Up a little earlier today, around 7:30, and did a treadmill session and resistance exercises after breakfast. Mother came over mid-morning, and I told her the news about Great-Grandson's accident that broke his leg.
Once I was ready for the day, I did this and that around the house until lunch time. After lunch,I went to a local primary school to attend a program and take pictures. The director of the local arts council called yesterday asking that I do this. Artists from Australia taught in the school this week, and today was the culmination, with the artists and the students performing for parents.
The two artists, both older gentlemen, began the program with a slide show..sort of a travelogue...followed by singing popular Australian folk tunes, while playing indigenous instruments, including the wind instrument didgeridoo. A didgeridoo can be from three to ten feet long. This one was about five feet long.
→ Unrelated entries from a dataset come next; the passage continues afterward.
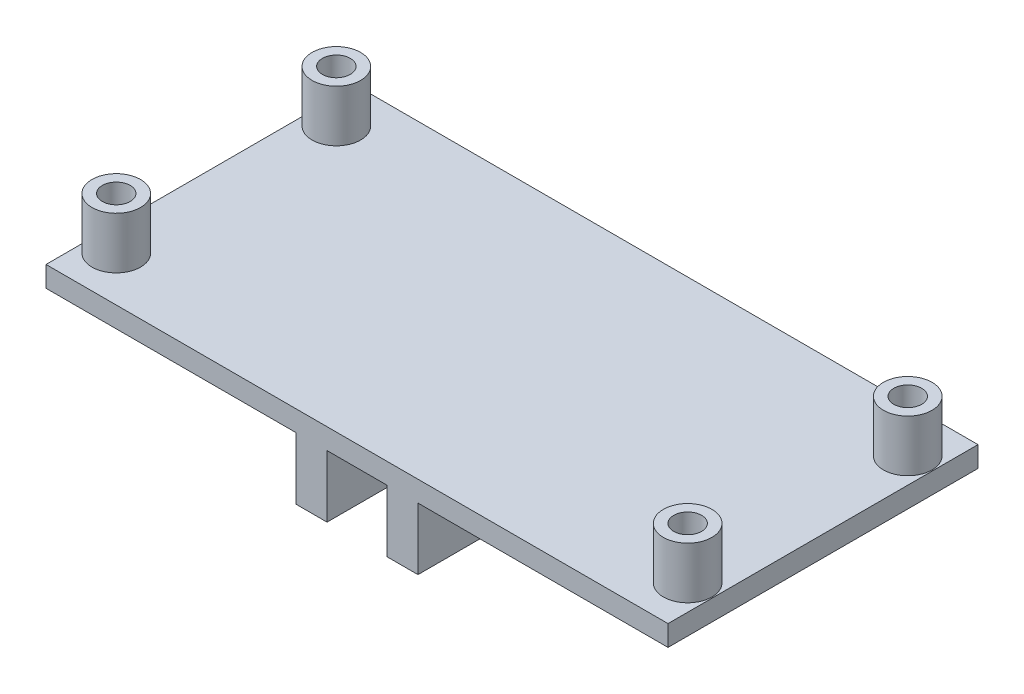
ISO-10303-21;
HEADER;
FILE_DESCRIPTION(('STEP AP214'),'2;1');
FILE_NAME('part.step','',(''),(''),'','','');
FILE_SCHEMA(('AUTOMOTIVE_DESIGN { 1 0 10303 214 1 1 1 1 }'));
ENDSEC;
DATA;
#1=APPLICATION_CONTEXT('core data for automotive mechanical design processes');
#2=APPLICATION_PROTOCOL_DEFINITION('international standard','automotive_design',2000,#1);
#3=PRODUCT_CONTEXT('',#1,'mechanical');
#4=PRODUCT('Part','Part','',(#3));
#5=PRODUCT_RELATED_PRODUCT_CATEGORY('part','',(#4));
#6=PRODUCT_DEFINITION_FORMATION('','',#4);
#7=PRODUCT_DEFINITION_CONTEXT('part definition',#1,'design');
#8=PRODUCT_DEFINITION('design','',#6,#7);
#9=PRODUCT_DEFINITION_SHAPE('','',#8);
#10=(LENGTH_UNIT() NAMED_UNIT(*) SI_UNIT(.MILLI.,.METRE.));
#11=(NAMED_UNIT(*) PLANE_ANGLE_UNIT() SI_UNIT($,.RADIAN.));
#12=(NAMED_UNIT(*) SI_UNIT($,.STERADIAN.) SOLID_ANGLE_UNIT());
#13=UNCERTAINTY_MEASURE_WITH_UNIT(LENGTH_MEASURE(1.E-05),#10,'distance_accuracy_value','');
#14=(GEOMETRIC_REPRESENTATION_CONTEXT(3) GLOBAL_UNCERTAINTY_ASSIGNED_CONTEXT((#13)) GLOBAL_UNIT_ASSIGNED_CONTEXT((#10,
#11,#12)) REPRESENTATION_CONTEXT('',''));
#15=CARTESIAN_POINT('',(0.,0.,0.));
#16=DIRECTION('',(0.,0.,1.));
#17=DIRECTION('',(1.,0.,0.));
#18=AXIS2_PLACEMENT_3D('',#15,#16,#17);
#19=CARTESIAN_POINT('',(0.,0.,0.));
#20=DIRECTION('',(0.,1.,0.));
#21=DIRECTION('',(0.,0.,1.));
#22=AXIS2_PLACEMENT_3D('',#19,#20,#21);
#23=PLANE('',#22);
#24=CARTESIAN_POINT('',(-27.65,0.,10.65));
#25=DIRECTION('',(0.,1.,0.));
#26=DIRECTION('',(0.,0.,-1.));
#27=AXIS2_PLACEMENT_3D('',#24,#25,#26);
#28=CIRCLE('',#27,1.35);
#29=CARTESIAN_POINT('',(-27.65,0.,9.3));
#30=VERTEX_POINT('',#29);
#31=EDGE_CURVE('E247',#30,#30,#28,.T.);
#32=ORIENTED_EDGE('',*,*,#31,.T.);
#33=EDGE_LOOP('',(#32));
#34=FACE_BOUND('',#33,.T.);
#35=CARTESIAN_POINT('',(-27.65,0.,-10.65));
#36=DIRECTION('',(0.,1.,0.));
#37=DIRECTION('',(0.,0.,1.));
#38=AXIS2_PLACEMENT_3D('',#35,#36,#37);
#39=CIRCLE('',#38,1.35);
#40=CARTESIAN_POINT('',(-27.65,0.,-9.3));
#41=VERTEX_POINT('',#40);
#42=EDGE_CURVE('E251',#41,#41,#39,.T.);
#43=ORIENTED_EDGE('',*,*,#42,.T.);
#44=EDGE_LOOP('',(#43));
#45=FACE_BOUND('',#44,.T.);
#46=DIRECTION('',(0.,0.,-1.));
#47=VECTOR('',#46,1.);
#48=CARTESIAN_POINT('',(-5.9,0.,-15.));
#49=LINE('',#48,#47);
#50=CARTESIAN_POINT('',(-5.9,0.,15.));
#51=VERTEX_POINT('',#50);
#52=CARTESIAN_POINT('',(-5.9,0.,-15.));
#53=VERTEX_POINT('',#52);
#54=EDGE_CURVE('E155',#51,#53,#49,.T.);
#55=ORIENTED_EDGE('',*,*,#54,.F.);
#56=DIRECTION('',(1.,0.,0.));
#57=VECTOR('',#56,1.);
#58=CARTESIAN_POINT('',(-30.1,0.,15.));
#59=LINE('',#58,#57);
#60=CARTESIAN_POINT('',(-30.1,0.,15.));
#61=VERTEX_POINT('',#60);
#62=EDGE_CURVE('E268',#61,#51,#59,.T.);
#63=ORIENTED_EDGE('',*,*,#62,.F.);
#64=DIRECTION('',(0.,0.,1.));
#65=VECTOR('',#64,1.);
#66=CARTESIAN_POINT('',(-30.1,0.,-15.));
#67=LINE('',#66,#65);
#68=CARTESIAN_POINT('',(-30.1,0.,-15.));
#69=VERTEX_POINT('',#68);
#70=EDGE_CURVE('E285',#69,#61,#67,.T.);
#71=ORIENTED_EDGE('',*,*,#70,.F.);
#72=DIRECTION('',(-1.,0.,0.));
#73=VECTOR('',#72,1.);
#74=CARTESIAN_POINT('',(-30.1,0.,-15.));
#75=LINE('',#74,#73);
#76=EDGE_CURVE('E281',#53,#69,#75,.T.);
#77=ORIENTED_EDGE('',*,*,#76,.F.);
#78=EDGE_LOOP('',(#55,#63,#71,#77));
#79=FACE_BOUND('',#78,.T.);
#80=ADVANCED_FACE('F39',(#34,#45,#79),#23,.F.);
#81=DIRECTION('',(0.,0.,1.));
#82=VECTOR('',#81,1.);
#83=CARTESIAN_POINT('',(-2.9,0.,-15.));
#84=LINE('',#83,#82);
#85=CARTESIAN_POINT('',(-2.9,0.,-15.));
#86=VERTEX_POINT('',#85);
#87=CARTESIAN_POINT('',(-2.90000000000001,0.,15.));
#88=VERTEX_POINT('',#87);
#89=EDGE_CURVE('E151',#86,#88,#84,.T.);
#90=ORIENTED_EDGE('',*,*,#89,.F.);
#91=CARTESIAN_POINT('',(2.9,0.,-15.));
#92=VERTEX_POINT('',#91);
#93=EDGE_CURVE('E286',#92,#86,#75,.T.);
#94=ORIENTED_EDGE('',*,*,#93,.F.);
#95=DIRECTION('',(0.,0.,-1.));
#96=VECTOR('',#95,1.);
#97=CARTESIAN_POINT('',(2.9,0.,-15.));
#98=LINE('',#97,#96);
#99=CARTESIAN_POINT('',(2.89999999999999,0.,15.));
#100=VERTEX_POINT('',#99);
#101=EDGE_CURVE('E161',#100,#92,#98,.T.);
#102=ORIENTED_EDGE('',*,*,#101,.F.);
#103=EDGE_CURVE('E293',#88,#100,#59,.T.);
#104=ORIENTED_EDGE('',*,*,#103,.F.);
#105=EDGE_LOOP('',(#90,#94,#102,#104));
#106=FACE_BOUND('',#105,.T.);
#107=ADVANCED_FACE('F368',(#106),#23,.F.);
#108=CARTESIAN_POINT('',(27.65,0.,10.65));
#109=DIRECTION('',(0.,1.,0.));
#110=DIRECTION('',(0.,0.,1.));
#111=AXIS2_PLACEMENT_3D('',#108,#109,#110);
#112=CIRCLE('',#111,1.35);
#113=CARTESIAN_POINT('',(27.65,0.,12.));
#114=VERTEX_POINT('',#113);
#115=EDGE_CURVE('E252',#114,#114,#112,.T.);
#116=ORIENTED_EDGE('',*,*,#115,.T.);
#117=EDGE_LOOP('',(#116));
#118=FACE_BOUND('',#117,.T.);
#119=CARTESIAN_POINT('',(27.65,0.,-10.65));
#120=DIRECTION('',(0.,1.,0.));
#121=DIRECTION('',(0.,0.,-1.));
#122=AXIS2_PLACEMENT_3D('',#119,#120,#121);
#123=CIRCLE('',#122,1.35);
#124=CARTESIAN_POINT('',(27.65,0.,-12.));
#125=VERTEX_POINT('',#124);
#126=EDGE_CURVE('E243',#125,#125,#123,.T.);
#127=ORIENTED_EDGE('',*,*,#126,.T.);
#128=EDGE_LOOP('',(#127));
#129=FACE_BOUND('',#128,.T.);
#130=DIRECTION('',(0.,0.,1.));
#131=VECTOR('',#130,1.);
#132=CARTESIAN_POINT('',(5.9,0.,-15.));
#133=LINE('',#132,#131);
#134=CARTESIAN_POINT('',(5.89999999999999,0.,-15.));
#135=VERTEX_POINT('',#134);
#136=CARTESIAN_POINT('',(5.89999999999999,0.,15.));
#137=VERTEX_POINT('',#136);
#138=EDGE_CURVE('E65',#135,#137,#133,.T.);
#139=ORIENTED_EDGE('',*,*,#138,.F.);
#140=CARTESIAN_POINT('',(30.1,0.,-15.));
#141=VERTEX_POINT('',#140);
#142=EDGE_CURVE('E282',#141,#135,#75,.T.);
#143=ORIENTED_EDGE('',*,*,#142,.F.);
#144=DIRECTION('',(0.,0.,-1.));
#145=VECTOR('',#144,1.);
#146=CARTESIAN_POINT('',(30.1,0.,-15.));
#147=LINE('',#146,#145);
#148=CARTESIAN_POINT('',(30.1,0.,15.));
#149=VERTEX_POINT('',#148);
#150=EDGE_CURVE('E262',#149,#141,#147,.T.);
#151=ORIENTED_EDGE('',*,*,#150,.F.);
#152=EDGE_CURVE('E289',#137,#149,#59,.T.);
#153=ORIENTED_EDGE('',*,*,#152,.F.);
#154=EDGE_LOOP('',(#139,#143,#151,#153));
#155=FACE_BOUND('',#154,.T.);
#156=ADVANCED_FACE('F371',(#118,#129,#155),#23,.F.);
#157=CARTESIAN_POINT('',(0.,2.,0.));
#158=DIRECTION('',(0.,1.,0.));
#159=DIRECTION('',(0.,0.,1.));
#160=AXIS2_PLACEMENT_3D('',#157,#158,#159);
#161=PLANE('',#160);
#162=CARTESIAN_POINT('',(27.65,2.,10.65));
#163=DIRECTION('',(0.,1.,0.));
#164=DIRECTION('',(0.,0.,1.));
#165=AXIS2_PLACEMENT_3D('',#162,#163,#164);
#166=CIRCLE('',#165,2.35);
#167=CARTESIAN_POINT('',(27.65,2.,13.));
#168=VERTEX_POINT('',#167);
#169=EDGE_CURVE('E214',#168,#168,#166,.T.);
#170=ORIENTED_EDGE('',*,*,#169,.F.);
#171=EDGE_LOOP('',(#170));
#172=FACE_BOUND('',#171,.T.);
#173=CARTESIAN_POINT('',(-27.65,2.,-10.65));
#174=DIRECTION('',(0.,1.,0.));
#175=DIRECTION('',(0.,0.,1.));
#176=AXIS2_PLACEMENT_3D('',#173,#174,#175);
#177=CIRCLE('',#176,2.35);
#178=CARTESIAN_POINT('',(-27.65,2.,-8.3));
#179=VERTEX_POINT('',#178);
#180=EDGE_CURVE('E238',#179,#179,#177,.T.);
#181=ORIENTED_EDGE('',*,*,#180,.F.);
#182=EDGE_LOOP('',(#181));
#183=FACE_BOUND('',#182,.T.);
#184=DIRECTION('',(0.,0.,-1.));
#185=VECTOR('',#184,1.);
#186=CARTESIAN_POINT('',(30.1,2.,-15.));
#187=LINE('',#186,#185);
#188=CARTESIAN_POINT('',(30.1,2.,15.));
#189=VERTEX_POINT('',#188);
#190=CARTESIAN_POINT('',(30.1,2.,-15.));
#191=VERTEX_POINT('',#190);
#192=EDGE_CURVE('E263',#189,#191,#187,.T.);
#193=ORIENTED_EDGE('',*,*,#192,.T.);
#194=DIRECTION('',(-1.,0.,0.));
#195=VECTOR('',#194,1.);
#196=CARTESIAN_POINT('',(-30.1,2.,-15.));
#197=LINE('',#196,#195);
#198=CARTESIAN_POINT('',(-30.1,2.,-15.));
#199=VERTEX_POINT('',#198);
#200=EDGE_CURVE('E267',#191,#199,#197,.T.);
#201=ORIENTED_EDGE('',*,*,#200,.T.);
#202=DIRECTION('',(0.,0.,1.));
#203=VECTOR('',#202,1.);
#204=CARTESIAN_POINT('',(-30.1,2.,-15.));
#205=LINE('',#204,#203);
#206=CARTESIAN_POINT('',(-30.1,2.,15.));
#207=VERTEX_POINT('',#206);
#208=EDGE_CURVE('E271',#199,#207,#205,.T.);
#209=ORIENTED_EDGE('',*,*,#208,.T.);
#210=DIRECTION('',(1.,0.,0.));
#211=VECTOR('',#210,1.);
#212=CARTESIAN_POINT('',(-30.1,2.,15.));
#213=LINE('',#212,#211);
#214=EDGE_CURVE('E274',#207,#189,#213,.T.);
#215=ORIENTED_EDGE('',*,*,#214,.T.);
#216=EDGE_LOOP('',(#193,#201,#209,#215));
#217=FACE_BOUND('',#216,.T.);
#218=CARTESIAN_POINT('',(27.65,2.,-10.65));
#219=DIRECTION('',(0.,1.,0.));
#220=DIRECTION('',(0.,0.,1.));
#221=AXIS2_PLACEMENT_3D('',#218,#219,#220);
#222=CIRCLE('',#221,2.35);
#223=CARTESIAN_POINT('',(27.65,2.,-8.30000000000001));
#224=VERTEX_POINT('',#223);
#225=EDGE_CURVE('E226',#224,#224,#222,.T.);
#226=ORIENTED_EDGE('',*,*,#225,.F.);
#227=EDGE_LOOP('',(#226));
#228=FACE_BOUND('',#227,.T.);
#229=CARTESIAN_POINT('',(-27.65,2.,10.65));
#230=DIRECTION('',(0.,1.,0.));
#231=DIRECTION('',(0.,0.,1.));
#232=AXIS2_PLACEMENT_3D('',#229,#230,#231);
#233=CIRCLE('',#232,2.35);
#234=CARTESIAN_POINT('',(-27.65,2.,13.));
#235=VERTEX_POINT('',#234);
#236=EDGE_CURVE('E202',#235,#235,#233,.T.);
#237=ORIENTED_EDGE('',*,*,#236,.F.);
#238=EDGE_LOOP('',(#237));
#239=FACE_BOUND('',#238,.T.);
#240=ADVANCED_FACE('F380',(#172,#183,#217,#228,#239),#161,.T.);
#241=CARTESIAN_POINT('',(30.1,2.,-15.));
#242=DIRECTION('',(-1.,0.,0.));
#243=DIRECTION('',(0.,0.,1.));
#244=AXIS2_PLACEMENT_3D('',#241,#242,#243);
#245=PLANE('',#244);
#246=ORIENTED_EDGE('',*,*,#150,.T.);
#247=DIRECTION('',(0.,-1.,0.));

After the artists performed, the kids, class by class, performed short skits and dances, accompanied by the the artists on guitar or banjo, with one artist keeping time by clacking two boomerangs together. The kids in the classes had created costumes from whatever was at hand...paper plates with cotton balls glued around the edge and the middle cut out to be worn as "sheep" masks, and bright orange trash bags with arm and neck holes to represent fruits.
One class performed the "Twelve Days of Aussie Christmas," substituting Australian animals like kangaroos, kookaburras, emus, koala bears, and parrots, to name a few.
The program ended with the audience joining the student body in a sing-a-long. Words to songs like "Botany Bay," and "Waltzing Matilda," (Australia's unofficial national anthem), were projected on a screen.
The program ended about 2:30. At home, Hubbie and I decided we needed to run a few errands...to the greeting card shop to get a get-well card for Great-Grandson, to the bank, to the WDCS for a few items, and to the gas station.
Later, for supper, we had leftover spaghetti from the freezer, green beans, cottage cheese, and rolls I bought at the WDCS. Mother went home afterward, and Hubbie and I watched the 2006 Lifetime Movie Channel movie, "Murder on Pleasant Drive," based on the true story of John Smith and his disappearing wives. The daughter and sister of his wife, Fran, persist in learning the truth.